Post-Diagnostic Aspirin Use and Survival from PIK3CA Mutant Colorectal Cancer: Potential Mechanisms

Authors: Henderson HJ, Davis J, Ornelas A, San Miguel Y, Chang S, Overman M, Manuel S, Jiang ZQ, Kopetz S

Category: Early Detection & Risk Prediction, Survivorship & Health Outcomes/Comparative Effectiveness Research
Conference Year: 2018

Abstract Body:
Purpose: Activation of the PI3K (phosphatidyl inositol 3 kinase) signaling pathway is one of the most frequent occurrences in human cancer and 10-20% of colorectal tumors harbor a mutation in the gene encoding the PI3K catalytic subunit (PIK3CA). Prior studies suggest a differential survival benefit from post-diagnostic aspirin use in patients whose tumor harbors a PIK3CA mutation, but the mechanisms underlying this benefit are unclear. We hypothesize that this survival advantage is restricted to PIK3CA mutations that result in novel acetylation sites, which aspirin modifies. The objective of this study is to investigate potential mechanisms of an aspirin survival benefit in patients with PIK3CA mutant colorectal cancer (CRC). Methods: CRC cell lines with and without specific PIK3CA mutations (SW-48 respectively) were treated with a synthesized 2-acetylpheny pent-4-ynoate (AspAlk) aspirin derivative, which was adapted to carry out Copper (I) catalyzed azide-alkyne cycloaddition.
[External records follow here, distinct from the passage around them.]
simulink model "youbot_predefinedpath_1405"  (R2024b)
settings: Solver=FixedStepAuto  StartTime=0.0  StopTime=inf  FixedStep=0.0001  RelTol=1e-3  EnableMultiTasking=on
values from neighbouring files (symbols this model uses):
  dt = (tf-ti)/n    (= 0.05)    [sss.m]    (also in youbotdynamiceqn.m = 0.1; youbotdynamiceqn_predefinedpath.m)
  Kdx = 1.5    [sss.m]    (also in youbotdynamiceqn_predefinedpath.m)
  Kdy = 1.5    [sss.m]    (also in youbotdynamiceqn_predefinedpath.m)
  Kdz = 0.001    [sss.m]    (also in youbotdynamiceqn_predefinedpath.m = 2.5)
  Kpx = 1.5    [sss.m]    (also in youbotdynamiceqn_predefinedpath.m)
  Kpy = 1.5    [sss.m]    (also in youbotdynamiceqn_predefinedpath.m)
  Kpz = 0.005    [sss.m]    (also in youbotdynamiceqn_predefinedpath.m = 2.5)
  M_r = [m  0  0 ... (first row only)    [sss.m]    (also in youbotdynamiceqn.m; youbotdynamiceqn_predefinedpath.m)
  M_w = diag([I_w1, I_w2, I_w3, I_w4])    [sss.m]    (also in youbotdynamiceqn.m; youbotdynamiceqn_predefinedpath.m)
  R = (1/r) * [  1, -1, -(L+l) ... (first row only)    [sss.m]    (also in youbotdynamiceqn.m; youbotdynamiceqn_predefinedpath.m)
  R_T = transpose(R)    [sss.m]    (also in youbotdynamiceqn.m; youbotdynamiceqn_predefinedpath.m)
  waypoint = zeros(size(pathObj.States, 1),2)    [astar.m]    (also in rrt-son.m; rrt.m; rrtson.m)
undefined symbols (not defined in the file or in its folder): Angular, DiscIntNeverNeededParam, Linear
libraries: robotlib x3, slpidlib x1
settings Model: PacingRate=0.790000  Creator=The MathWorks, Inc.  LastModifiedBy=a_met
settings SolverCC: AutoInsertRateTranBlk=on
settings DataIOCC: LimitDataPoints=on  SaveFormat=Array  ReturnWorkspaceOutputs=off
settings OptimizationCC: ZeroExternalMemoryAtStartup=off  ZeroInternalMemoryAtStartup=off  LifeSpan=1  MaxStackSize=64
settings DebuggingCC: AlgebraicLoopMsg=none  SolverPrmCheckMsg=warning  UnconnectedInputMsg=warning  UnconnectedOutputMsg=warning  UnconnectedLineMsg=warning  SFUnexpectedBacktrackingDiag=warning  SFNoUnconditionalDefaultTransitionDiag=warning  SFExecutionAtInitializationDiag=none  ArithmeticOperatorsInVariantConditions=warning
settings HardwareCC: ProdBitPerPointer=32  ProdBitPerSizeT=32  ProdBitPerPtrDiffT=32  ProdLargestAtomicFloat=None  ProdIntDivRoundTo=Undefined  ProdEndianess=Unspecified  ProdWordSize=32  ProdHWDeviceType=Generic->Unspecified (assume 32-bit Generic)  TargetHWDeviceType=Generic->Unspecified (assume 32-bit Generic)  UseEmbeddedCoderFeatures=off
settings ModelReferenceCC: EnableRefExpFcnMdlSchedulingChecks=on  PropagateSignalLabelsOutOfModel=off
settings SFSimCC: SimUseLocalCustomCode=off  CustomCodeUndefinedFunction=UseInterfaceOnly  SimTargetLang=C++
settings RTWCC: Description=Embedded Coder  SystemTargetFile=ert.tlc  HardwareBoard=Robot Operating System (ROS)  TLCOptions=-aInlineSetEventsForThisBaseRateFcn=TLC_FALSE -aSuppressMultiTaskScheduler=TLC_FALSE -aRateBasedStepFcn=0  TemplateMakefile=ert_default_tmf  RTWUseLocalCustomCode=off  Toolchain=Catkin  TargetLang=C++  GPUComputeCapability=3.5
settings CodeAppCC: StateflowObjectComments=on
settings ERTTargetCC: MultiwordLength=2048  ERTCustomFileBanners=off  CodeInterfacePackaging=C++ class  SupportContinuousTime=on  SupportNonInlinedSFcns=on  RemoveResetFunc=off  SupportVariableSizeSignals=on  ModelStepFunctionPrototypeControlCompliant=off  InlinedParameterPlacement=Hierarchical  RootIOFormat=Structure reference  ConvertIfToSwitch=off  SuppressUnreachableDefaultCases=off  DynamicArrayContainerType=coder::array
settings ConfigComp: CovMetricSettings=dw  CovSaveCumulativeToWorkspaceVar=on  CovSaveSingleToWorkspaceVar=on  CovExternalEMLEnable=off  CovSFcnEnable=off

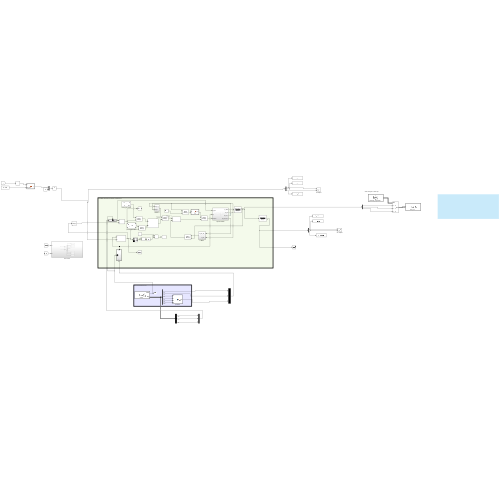
[thumbnail: Simulink's stored preview of the top-level diagram]
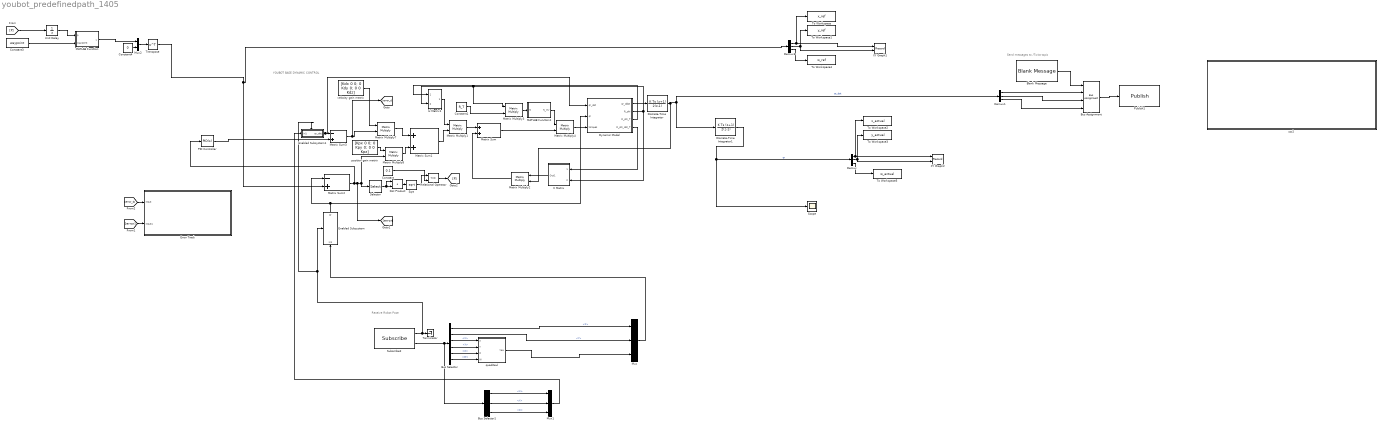
== system youbot_predefinedpath_1405 ==
  note: YOUBOT BASE DYNAMIC CONTROL
  note: Send messages to /Twist topic
  note: Receive Robot Pose
  Blank Message : robotlib/Blank Message  messageClass=Message  entityType=geometry_msgs/Twist  messageType=geometry_msgs/Twist  SampleTime=inf  legacyBusStruct=off
  Bus Assignment : BusAssignment  AssignedSignals=Linear.X,Linear.Y,Angular.Z
  Bus Selector : BusSelector  OutputSignals=Pose.Pose.Position.X,Pose.Pose.Position.Y,Pose.Pose.Orientation.X,Pose.Pose.Orientation.Y,Pose.Pose.Orientation.Z,Pose.Pose.Orientation.W
  Bus Selector1 : BusSelector  OutputSignals=Twist.Twist.Linear.X,Twist.Twist.Linear.Y,Twist.Twist.Angular.Z
  Constant : Constant  Value=0.1
  Constant1 : Constant  Value=R_T
  Constant3 : Constant  Value=waypoint
  Constant4 : Constant  Value=0
  Demux : Demux  Outputs=3
  Demux1 : Demux  Outputs=3
  Demux3 : Demux  Outputs=3
  Discrete-Time Integrator : DiscreteIntegrator  IntegratorMethod=Integration: Trapezoidal  SampleTime=-1  ICPrevOutput=DiscIntNeverNeededParam  ICPrevScaledInput=DiscIntNeverNeededParam
  Discrete-Time Integrator1 : DiscreteIntegrator  IntegratorMethod=Integration: Trapezoidal  SampleTime=-1  ICPrevOutput=DiscIntNeverNeededParam  ICPrevScaledInput=DiscIntNeverNeededParam
  Dot Product : DotProduct  OutDataTypeStr=Inherit: Inherit via internal rule
  Dynamic Model : Subsystem
  Enabled Subsystem : Subsystem  TreatAsAtomicUnit=on
  Enabled Subsystem1 : Subsystem  TreatAsAtomicUnit=on
  Error Track : Subsystem
  H Matrix1 : Subsystem
  K Matrix : Subsystem
  MATLAB Function : MATLAB Function  TreatAsAtomicUnit=on
  MATLAB Function1 : MATLAB Function  TreatAsAtomicUnit=on
  Matrix Sum : Sum
  Matrix Sum1 : Sum
  Matrix Sum2 : Sum  Inputs=-+
  Matrix Sum3 : Sum  Inputs=-+
  Matrix Multiply1 : Product  Multiplication=Matrix(*)  SampleTime=dt
  Matrix Multiply{2..4,7..8} (5 alike) : Product  Multiplication=Matrix(*)
  Mux : Mux  Inputs=3
  Mux1 : Mux  Inputs=3
  Mux2 : Mux  Inputs=2
  PID Controller : slpidlib/PID Controller  Controller=PID  Form=Parallel  TimeDomain=Continuous-time  UseExternalTs=off  SampleTime=-1  IntegratorMethod=Forward Euler  FilterMethod=Forward Euler  ControllerParametersSource=internal  P=0.02  I=0  UseKiTs=off  D=0  UseExternalDerivativeSource=off  N=100  UseFilter=on  TunerSelectOption=Transfer Function Based (PID Tuner App)  InitialConditionSource=internal  InitialConditionForIntegrator=0  InitialConditionForFilter=0  DifferentiatorICPrevScaledInput=0  ExternalReset=none  TrackingMode=off  Kt=1  LimitOutput=off  SatLimitsSource=internal  UpperSaturationLimit=inf  LowerSaturationLimit=-inf  LinearizeAsGain=on  AntiWindupMode=none  Kb=1  LimitIntegrator=off  UpperIntegratorSaturationLimit=inf  LowerIntegratorSaturationLimit=-inf  POutMin=[]  POutMax=[]  IOutMin=[]  IOutMax=[]  DOutMin=[]  DOutMax=[]  NOutMin=[]  NOutMax=[]  SumOutMin=[]  SumOutMax=[]  SaturationOutMin=[]  SaturationOutMax=[]  PParamMin=[]  PParamMax=[]  IParamMin=[]  IParamMax=[]  DParamMin=[]  DParamMax=[]  NParamMin=[]  NParamMax=[]  KbParamMin=[]  KbParamMax=[]  KtParamMin=[]  KtParamMax=[]  KbOutMin=[]  KbOutMax=[]  KtOutMin=[]  KtOutMax=[]  IntegratorOutMin=[]  IntegratorOutMax=[]  FilterOutMin=[]  FilterOutMax=[]  SumI1OutMin=[]  SumI1OutMax=[]  SumI2OutMin=[]  SumI2OutMax=[]  SumI3OutMin=[]  SumI3OutMax=[]  SumI4OutMin=[]  SumI4OutMax=[]  SumDOutMin=[]  SumDOutMax=[]  DifferentiatorOutMin=[]  DifferentiatorOutMax=[]  FilterDiffOutCoefMin=[]  FilterDiffOutCoefMax=[]  ReciprocalOutMin=[]  ReciprocalOutMax=[]  SumDenOutMin=[]  SumDenOutMax=[]  SumNumOutMin=[]  SumNumOutMax=[]  DivideOutMin=[]  DivideOutMax=[]  UdiffTsProdOutMin=[]  UdiffTsProdOutMax=[]  NTsProdOutMin=[]  NTsProdOutMax=[]  UintegralTsProdOutMin=[]  UintegralTsProdOutMax=[]  UngainTsProdOutMin=[]  UngainTsProdOutMax=[]  ClampingZeroOutDataTypeStr=Inherit: Inherit via back propagation  ClampingZeroOutMin=[]  ClampingZeroOutMax=[]  FilterDenConstantOutDataTypeStr=Inherit: Inherit via back propagation  FilterDenConstantOutMin=[]  FilterDenConstantOutMax=[]  PCopyOutDataTypeStr=Inherit: Inherit via back propagation  PCopyOutMin=[]  PCopyOutMax=[]  NCopyOutDataTypeStr=Inherit: Inherit via back propagation  NCopyOutMin=[]  NCopyOutMax=[]  IntegratorContinuousStateAttributes=''  IntegratorStateMustResolveToSignalObject=off  IntegratorRTWStateStorageClass=Auto  FilterContinuousStateAttributes=''  FilterStateMustResolveToSignalObject=off  FilterRTWStateStorageClass=Auto  ParallelPVariant=InternalParameters  IdealPVariant=Disabled  IVariant=InternalParameters  DVariant=InternalParameters  IntegratorVariant=Continuous  SatVariant=Disabled  AWVariant=Passthrough  PCopyVariant=Disabled  TRVariant=Disabled  FdbkBlocksVariant=Forward  IdealPFdbkVariant=Disabled  SatFdbkVariant=Disabled  DerivativeFilterVariant=ContFilter  NVariant=InternalParameters  NCopyVariant=Disabled  FilterICVariant=InternalICsFilter  IntegratorICVariant=InternalICs  ExternalResetVariant=Disabled  TRSumVariant=Passthrough  SumFdbkVariant=Disabled  SumVariant=Sum_PID  TsampFilterVariant=InternalTs  TsampNgainVariant=Passthrough  TsampIntegralVariant=Disabled_SignalSpec  ExternalSaturationOutDataTypeStr=Inherit: Same as second input  DerivativeSourceVariant=ErrorSignal  PreIntVariant=InternalPreInt
  Publish1 : robotlib/Publish  topicSource=Select from ROS network  topic=/cmd_vel  messageType=geometry_msgs/Twist  legacyBusStruct=off  messageQueueLength=105
  Relational Operator : RelationalOperator  Operator=<=  OutDataTypeStr=boolean  RndMeth=Simplest  InputSameDT=off
  Scope : Scope
  Selector : Selector  InputPortWidth=3  IndexOptions=Index vector (dialog)  Indices=[1 2]  OutputSizes=1
  Sqrt : Sqrt
  Subscribe2 : robotlib/Subscribe  topicSource=Select from ROS network  topic=/odom  messageType=nav_msgs/Odometry  SampleTime=-1  legacyBusStruct=off  messageQueueLength=1
  Terminator : Terminator
  To Workspace : ToWorkspace  VariableName=x_ref  SaveFormat=Timeseries  SampleTime=-1
  To Workspace1 : ToWorkspace  VariableName=y_ref  SaveFormat=Timeseries  SampleTime=-1
  To Workspace2 : ToWorkspace  VariableName=x_actual  SaveFormat=Timeseries  SampleTime=-1
  To Workspace3 : ToWorkspace  VariableName=y_actual  SaveFormat=Timeseries  SampleTime=-1
  To Workspace4 : ToWorkspace  VariableName=w_ref  SaveFormat=Timeseries  SampleTime=-1
  To Workspace5 : ToWorkspace  VariableName=w_actual  SaveFormat=Timeseries  SampleTime=-1
  Transpose : Math  Operator=transpose
  Unit Delay : UnitDelay  SampleTime=-1  HasFrameUpgradeWarning=on
  XY Graph1 : Record  FileSettingsInternal="{\"entries\":[{\"content\":{\"excelSettings\":{\"content\":{},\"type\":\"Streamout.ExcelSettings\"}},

Soluble lysates were collected and combined with a click chemistry cocktail, allowing for robust, in-gel fluorescent detection of acetylation and the subsequent enrichment and identification of proteins. As a proof-of-principle, we evaluated survival in a local cohort of CRC patients by PIK3CA mutation and aspirin use. Multivariable Cox proportional hazards regression models were used to test the effects of PIK3CA mutation and aspirin use on survival. Models were adjusted for age, sex, race, ethnicity, stage at diagnosis, and educational level. Results: In this study, we found AspAlk to be a useful tool for identifying modifications in proteins compared to unlabeled aspirin. In the survival analysis, patients with PIK3CA mutant tumors who take aspirin show a modest survival benefit that is trending towards significance. A larger sample size is needed to clarify this observation. Conclusions: Due to the inherent risks of aspirin use, it is vital to distinguish groups of patients who are most likely to benefit from aspirin in order to minimize aspirin toxicity and potentially improve outcomes in patients with particular PIK3CA mutations. Our future work includes identifying the amino acids modified by aspirin using Mass Spectrometry.